R6 Class for Storing / Accessing & Sampling Longitudinal Data
A longdata
object allows for efficient storage and recall of longitudinal datasets for use in bootstrap sampling. The object works by de-constructing the data into lists based upon subject id thus enabling efficient lookup.
The object also handles multiple other operations specific to rbmi
such as defining whether an outcome value is MAR / Missing or not as well as tracking which imputation strategy is assigned to each subject.

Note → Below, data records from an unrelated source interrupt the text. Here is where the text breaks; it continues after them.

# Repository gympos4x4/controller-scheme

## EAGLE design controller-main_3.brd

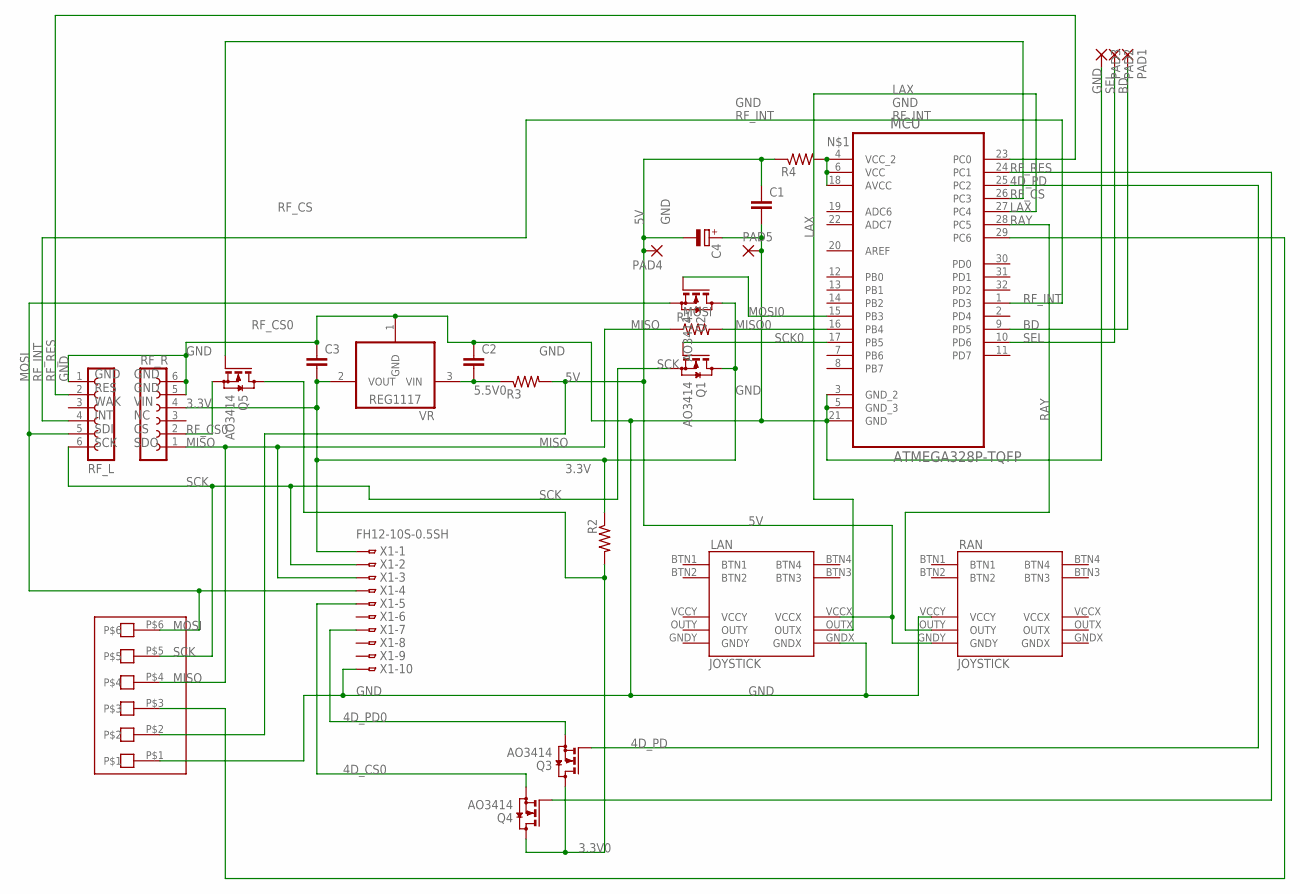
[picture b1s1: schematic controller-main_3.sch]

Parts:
C1, C2, C3: C-EUC1206; C1206
C4: CPOL-EU153CLV-0505; 153CLV-0505
LAN: JOYSTICK
MCU: ATMEGA328P-TQFP; QFP80P900X900X120-32N
PAD1, PAD2, PAD3: SMD2; SMD1,27-2,54
PAD4, PAD5: SMD5; SMD2,54-5,08
Q1, Q2, Q3, Q4, Q5: AO3414; SOT23
R1, R2, R3, R4: R-US_R1206; R1206
RAN: JOYSTICK
RF_L: FE06-1; FE06
RF_R: FE06-1; FE06
U$1: JTECH-6PV; PAK-6PV
VR: REG1117; SOT223
X1: FH12-10S-0.5SH

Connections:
3.3V: C3.2, Q1.3 (D), Q2.3 (D), R2.1, RF_R.4, VR.2 (VOUT), X1.1
3.3V0: Q3.3 (D), Q4.3 (D), Q5.3 (D), R2.2
4D_CS: MCU.24 (PC1), Q4.1 (G)
4D_CS0: Q4.2 (S), X1.5
4D_PD: MCU.25 (PC2), Q3.1 (G)
4D_PD0: Q3.2 (S), X1.7
5.5V0: C2.2, R3.1, VR.3 (VIN)
5V: C1.1, C4.-, LAN.VCCX, PAD4.1, R3.2, R4.1, RAN.GNDY, U$1.P$2
BD: MCU.9 (PD5), PAD1.1
GND: C1.2, C2.1, C3.1, C4.+, LAN.GNDX, MCU.3 (GND_2), MCU.5 (GND_3), MCU.21 (GND), PAD3.1, PAD5.1, RAN.VCCY, RF_L.1, RF_R.5, RF_R.6, U$1.P$1, VR.1 (GND), X1.10
LAX: LAN.OUTX, MCU.27 (PC4)
MISO: R1.1, RF_R.1, U$1.P$4, X1.3
MISO0: MCU.16 (PB4), R1.2
MOSI: Q2.2 (S), RF_L.5, U$1.P$6, X1.4
MOSI0: MCU.15 (PB3), Q2.1 (G)
unnamed: MCU.4 (VCC_2), MCU.6 (VCC), MCU.18 (AVCC), R4.2
RAY: MCU.28 (PC5), RAN.OUTY
RF_CS: MCU.26 (PC3), Q5.1 (G)
RF_CS0: Q5.2 (S), RF_R.2
RF_INT: MCU.1 (PD3), RF_L.4
RF_RES: MCU.23 (PC0), RF_L.2
RST: MCU.29 (PC6), U$1.P$3
SCK: Q1.2 (S), RF_L.6, U$1.P$5, X1.2
SCK0: MCU.17 (PB5), Q1.1 (G)
SEL: MCU.10 (PD6), PAD2.1

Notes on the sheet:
GND RES WAK INT SDI SCK
GND GND VIN NC CS SDO

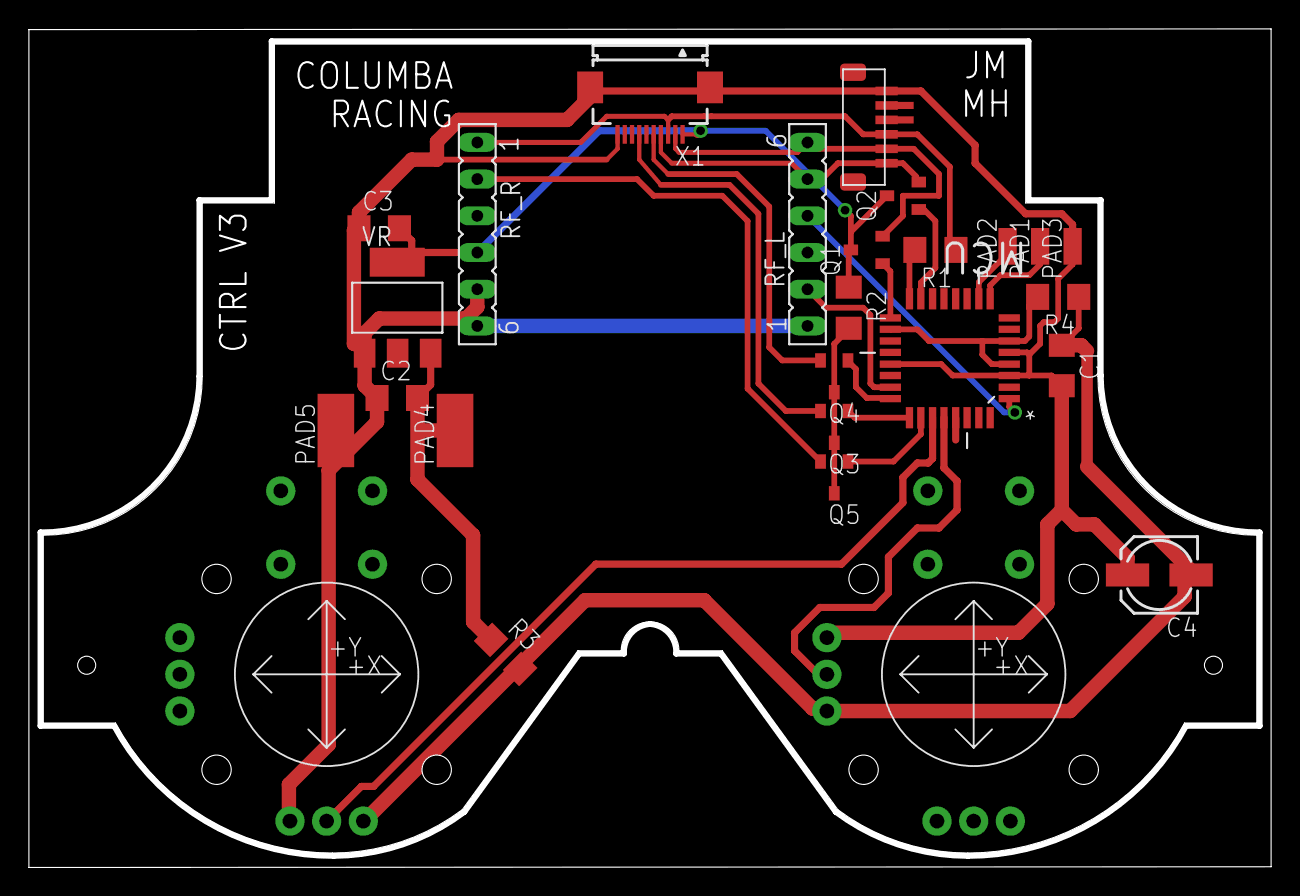
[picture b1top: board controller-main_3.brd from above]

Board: 2 copper layers, 85.6 x 57.6 mm, 26 parts (0 on the bottom side), 25 nets.

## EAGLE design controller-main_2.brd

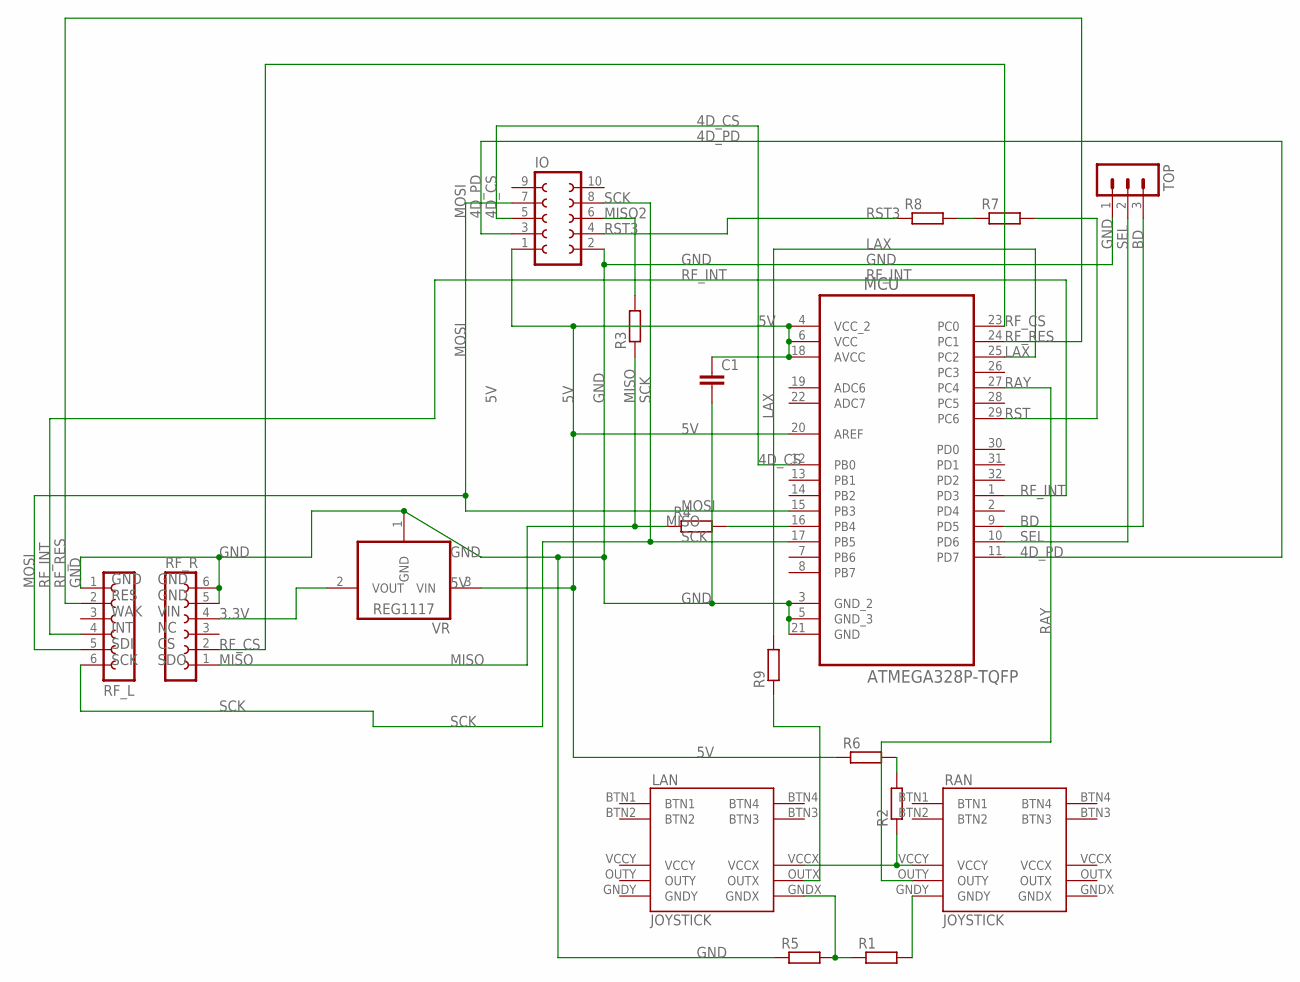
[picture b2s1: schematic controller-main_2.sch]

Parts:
C1: C-EUC1206; C1206
IO: FE05-2W
LAN: JOYSTICK
MCU: ATMEGA328P-TQFP; QFP80P900X900X120-32N
R1, R2, R3, R4, R5, R6, R7, R8, R9: R-EU_M1206; M1206
RAN: JOYSTICK
RF_L: FE06-1; FE06
RF_R: FE06-1; FE06
TOP: MA03-1
VR: REG1117; SOT223

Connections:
3.3V: RF_R.4, VR.2 (VOUT)
4D_CS: IO.5, MCU.12 (PB0)
4D_PD: IO.3, MCU.11 (PD7)
5V: C1.1, IO.1, MCU.4 (VCC_2), MCU.6 (VCC), MCU.18 (AVCC), MCU.20 (AREF), R6.1, VR.3 (VIN)
5V2: R2.2, R6.2
5V_R: LAN.VCCX, R2.1, RAN.VCCY
BD: MCU.9 (PD5), TOP.3
GND: C1.2, IO.2, MCU.3 (GND_2), MCU.5 (GND_3), MCU.21 (GND), R5.1, RF_L.1, RF_R.5, RF_R.6, TOP.1, VR.1 (GND)
GND2: LAN.GNDX, R1.1, R5.2
LAX: MCU.25 (PC2), R9.2
LAX2: LAN.OUTX, R9.1
MISO: R3.1, R4.1, RF_R.1
MISO2: IO.6, R3.2
MISO3: MCU.16 (PB4), R4.2
MOSI: IO.7, MCU.15 (PB3), RF_L.5
unnamed: R1.2, RAN.GNDY
RAY: MCU.27 (PC4), RAN.OUTY
RF_CS: MCU.23 (PC0), RF_R.2
RF_INT: MCU.1 (PD3), RF_L.4
RF_RES: MCU.24 (PC1), RF_L.2
RST: MCU.29 (PC6), R7.2
RST2: R7.1, R8.2
RST3: IO.4, R8.1
SCK: IO.8, MCU.17 (PB5), RF_L.6
SEL: MCU.10 (PD6), TOP.2

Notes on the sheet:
GND RES WAK INT SDI SCK
GND GND VIN NC CS SDO

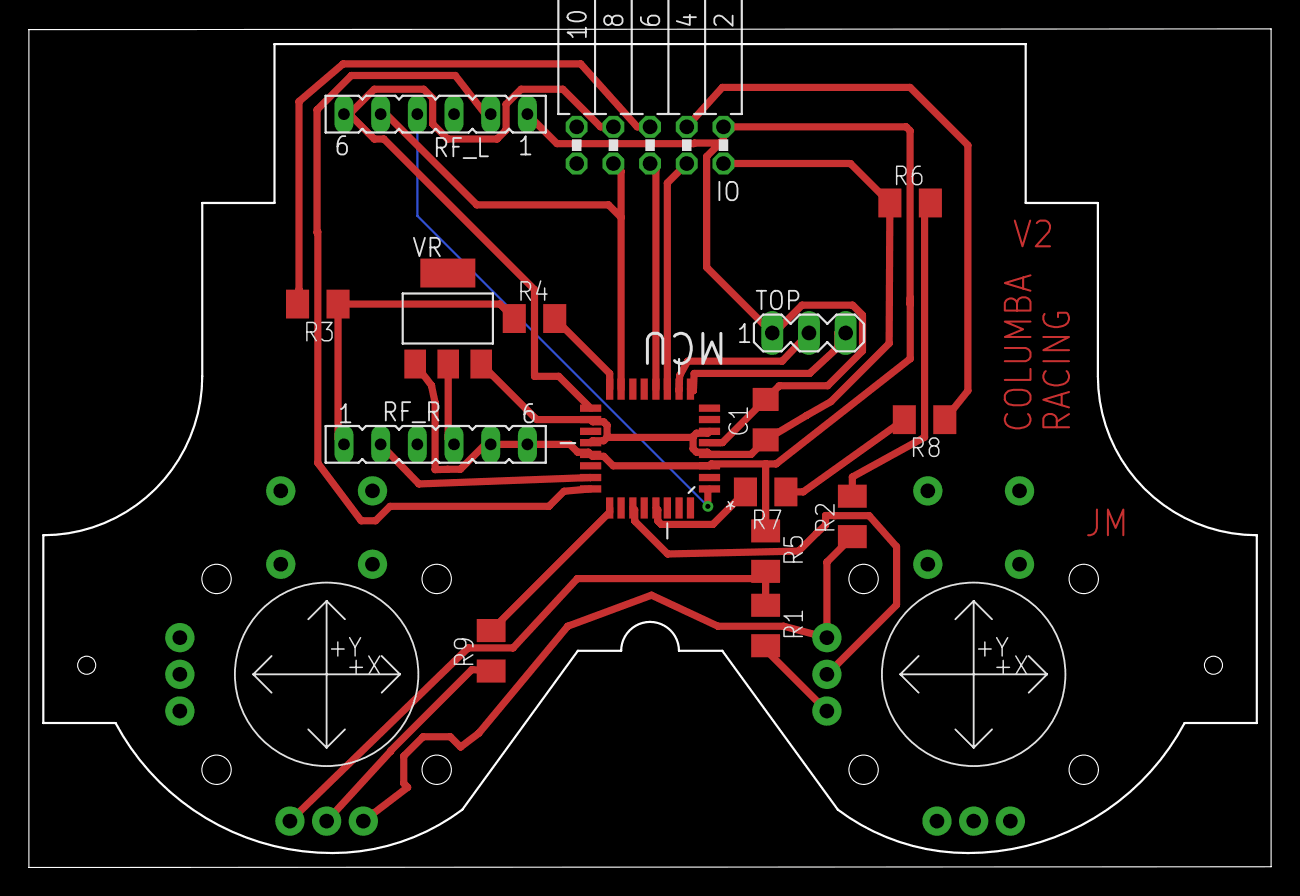
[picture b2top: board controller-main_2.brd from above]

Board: 2 copper layers, 85.8 x 57.9 mm, 18 parts (0 on the bottom side), 25 nets.

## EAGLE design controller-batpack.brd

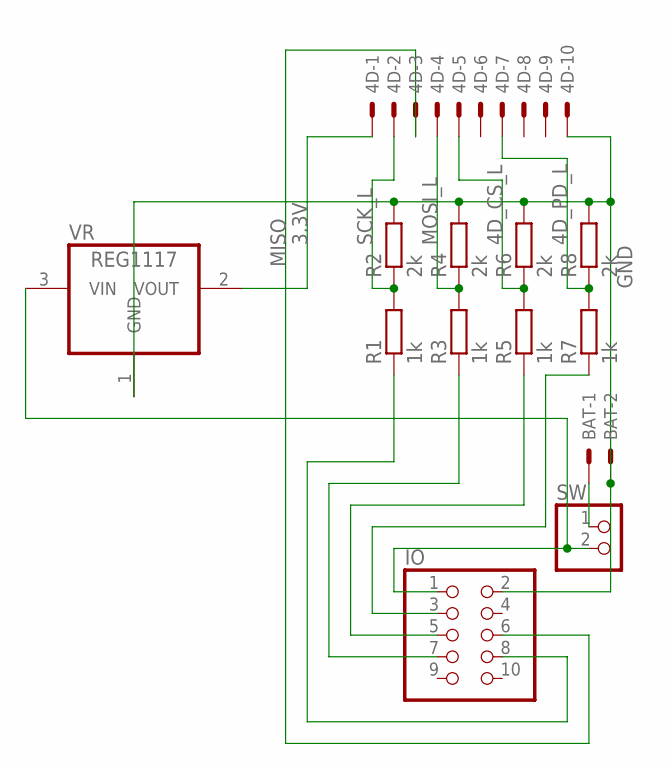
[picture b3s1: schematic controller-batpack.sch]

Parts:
4D: 52745-1090
BAT: 22-23-2021
IO: PINHD-2X5/90; 2X05/90
R1, R3, R5, R7: 1k; M1206
R2, R4, R6, R8: 2k; M1206
SW: PINHD-1X2/90; 1X02/90
VR: REG1117; SOT223

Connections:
3.3V: 4D.1, VR.2 (VOUT)
4D_CS: IO.5, R5.1
4D_CS_L: 4D.5, R5.2, R6.1
4D_PD: IO.3, R7.1
4D_PD_L: 4D.7, R7.2, R8.1
5V: IO.1, SW.2, VR.3 (VIN)
5V2: BAT.1, SW.1
GND: 4D.10, BAT.2, IO.2, R2.2, R4.2, R6.2, R8.2, VR.1 (GND)
MISO: 4D.3, IO.6
MOSI: IO.7, R3.1
MOSI_L: 4D.4, R3.2, R4.1
SCK: IO.8, R1.1
SCK_L: 4D.2, R1.2, R2.1

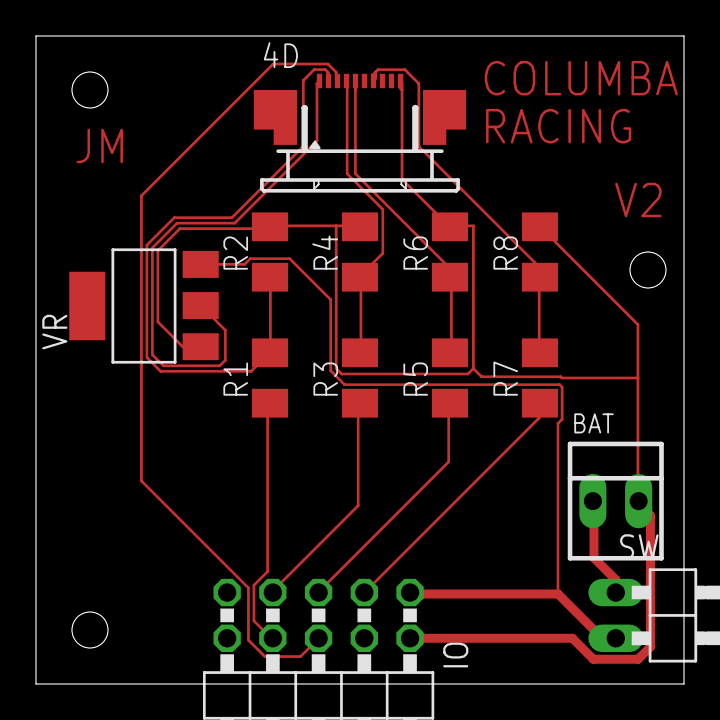
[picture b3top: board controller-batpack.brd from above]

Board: 2 copper layers, 36.0 x 36.0 mm, 13 parts (0 on the bottom side), 13 nets.

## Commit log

2017-10-17 added eagle project
2017-10-24 Updated main board
2017-10-25 updated board with display and battery
2017-10-26 added pcb design and got rid of llc in battery pack
2017-10-27 updated battery pack board
2017-11-03 finished main board
2017-11-06 Created basic main board desing
2017-11-07 Changed pin connections on the main board
2017-11-10 only half done
2017-11-10 finished the main board
2017-11-10 Created V2 main board, updated second board
2017-11-10 added project for previous commit
2017-11-11 Moved reset trace
2017-11-12 added v3
2017-11-12 Addded outline to V3 main board for milling
2017-11-24 update, I think

It is recognised that this objects functionality is fairly overloaded and is hoped that this can be split out into more area specific objects / functions in the future. Further additions of functionality to this object should be avoided if possible.
data
: The original dataset passed to the constructor (sorted by id and visit)
vars
: The vars object (list of key variables) passed to the constructor
visits
: A character vector containing the distinct visit levels
ids
: A character vector containing the unique ids of each subject in self$data
formula
: A formula expressing how the design matrix for the data should be constructed
strata
: A numeric vector indicating which strata each corresponding value of self$ids
belongs to. If no stratification variable is defined this will default to 1 for all subjects (i.e. same group). This field is only used as part of the self$sample_ids()
function to enable stratified bootstrap sampling
ice_visit_index
: A list indexed by subject storing the index number of the first visit affected by the ICE. If there is no ICE then it is set equal to the number of visits plus 1.
values
: A list indexed by subject storing a numeric vector of the original (unimputed) outcome values
group
: A list indexed by subject storing a single character indicating which imputation group the subject belongs to as defined by self$data[id, self$ivars$group]
It is used to determine what reference group should be used when imputing the subjects data.
is_mar
: A list indexed by subject storing logical values indicating if the subjects outcome values are MAR or not. This list is defaulted to TRUE for all subjects & outcomes and is then modified by calls to self$set_strategies()
. Note that this does not indicate which values are missing, this variable is True for outcome values that either occurred before the ICE visit or are post the ICE visit and have an imputation strategy of MAR
strategies
: A list indexed by subject storing a single character value indicating the imputation strategy assigned to that subject. This list is defaulted to "MAR" for all subjects and is then modified by calls to either self$set_strategies()
or self$update_strategies()
strategy_lock
: A list indexed by subject storing a single logical value indicating whether a patients imputation strategy is locked or not. If a strategy is locked it means that it can't change from MAR to non-MAR. Strategies can be changed from non-MAR to MAR though this will trigger a warning. Strategies are locked if the patient is assigned a MAR strategy and has non-missing after their ICE date. This list is populated by a call to self$set_strategies()
.
indexes
: A list indexed by subject storing a numeric vector of indexes which specify which rows in the original dataset belong to this subject i.e. to recover the full data for subject "pt3" you can use self$data[self$indexes[["pt3"]],]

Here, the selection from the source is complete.